| PROBLEM DESCRIPTION |
From the entries below, work out how many lines contain the string "faces"; answer with the number alone.

[[ TASK MATERIAL open ]]

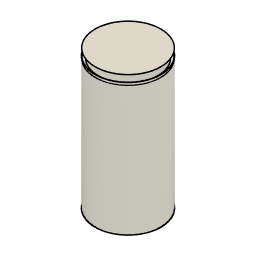
schibler-mathilde-2_carandache (Autodesk Fusion 360 design; units mm, degrees)
Autodesk Fusion 360 part; units mm, degrees
note: some values were not read from the file. Set by a fixed rule: which face or edge a step refers to.
sketch "Esquisse1" plane through (0, 0, 0) normal (0, 1, 0) x (1, 0, 0)
  circle A0 centre (0, 0) radius 250
  dimension "d1" = 500
  constraint coincident A0.centre origin
  measures "d1" diameter of A0
extrude "Extrusion1" add sketch "Esquisse1" along normal blind 1000 makes body 1
shell "Coque1" thickness 3 removed faces 1 at (36.3167, 1000, -54.8247) on bodies 1
shell "Coque2" thickness 3 removed faces 2 at (36.3167, 0, -54.8247) at (45.1812, 3, -17.7323) on bodies 1
sketch "Esquisse2" plane through (0, 0, 0) normal (0, 1, 0) x (1, 0, 0)
  circle A0 centre (0, 0) radius 247
  dimension "d6" = 494
  constraint coincident A0.centre origin
  measures "d6" diameter of A0
extrude "Extrusion2" add sketch "Esquisse2" along normal blind 3 separate body makes body 2
shell "Coque3" thickness 20 removed faces 2 at (-69.684, 3, 24.2682) at (-69.684, 0, 24.2682) on bodies 2
sketch "Esquisse3" plane through (0, 0, 0) normal (0, 1, 0) x (1, 0, 0)
  circle A0 centre (0, 0) radius 227
  dimension "d10" = 454
  constraint coincident A0.centre origin
  measures "d10" diameter of A0
extrude "Extrusion3" add sketch "Esquisse3" along normal blind 3 separate body makes body 3
copy_body "Copier/Coller des corps1" bodies 2 makes body 4
move_body "Déplacer1" bodies 4 to x (1, 0, 0) y (0, 1, 0) z (0, 0, 1) at (0, 0, 0)
move_body "Déplacer2" bodies 4 to x (1, 0, 0) y (0, 1, 0) z (0, 0, 1) at (0, 980, 0)
sketch "Esquisse6" plane through (0, 0, 0) normal (0, 1, 0) x (1, 0, 0)
  circle A0 centre (0, 0) radius 248
  dimension "d26" = 496
  constraint coincident A0.centre origin
  measures "d26" diameter of A0
extrude "Extrusion5" add sketch "Esquisse6" along normal blind 1 separate body makes body 5
move_body "Déplacer3" bodies 5 to x (1, 0, 0) y (0, 1, 0) z (0, 0, 1) at (0, 1050, 0)
sketch "Esquisse5" plane through (0, 10, 0) normal (0, 1, 0) x (-1, 0, 0)
  circle A0 centre (0, 0) radius 227
  circle A1 centre (0, 0) radius 247
  dimension "d25" = 494
  constraint concentric A0 A1
  measures "d25" diameter of A1

[[ TASK MATERIAL closed ]]

| RESPONSE |
3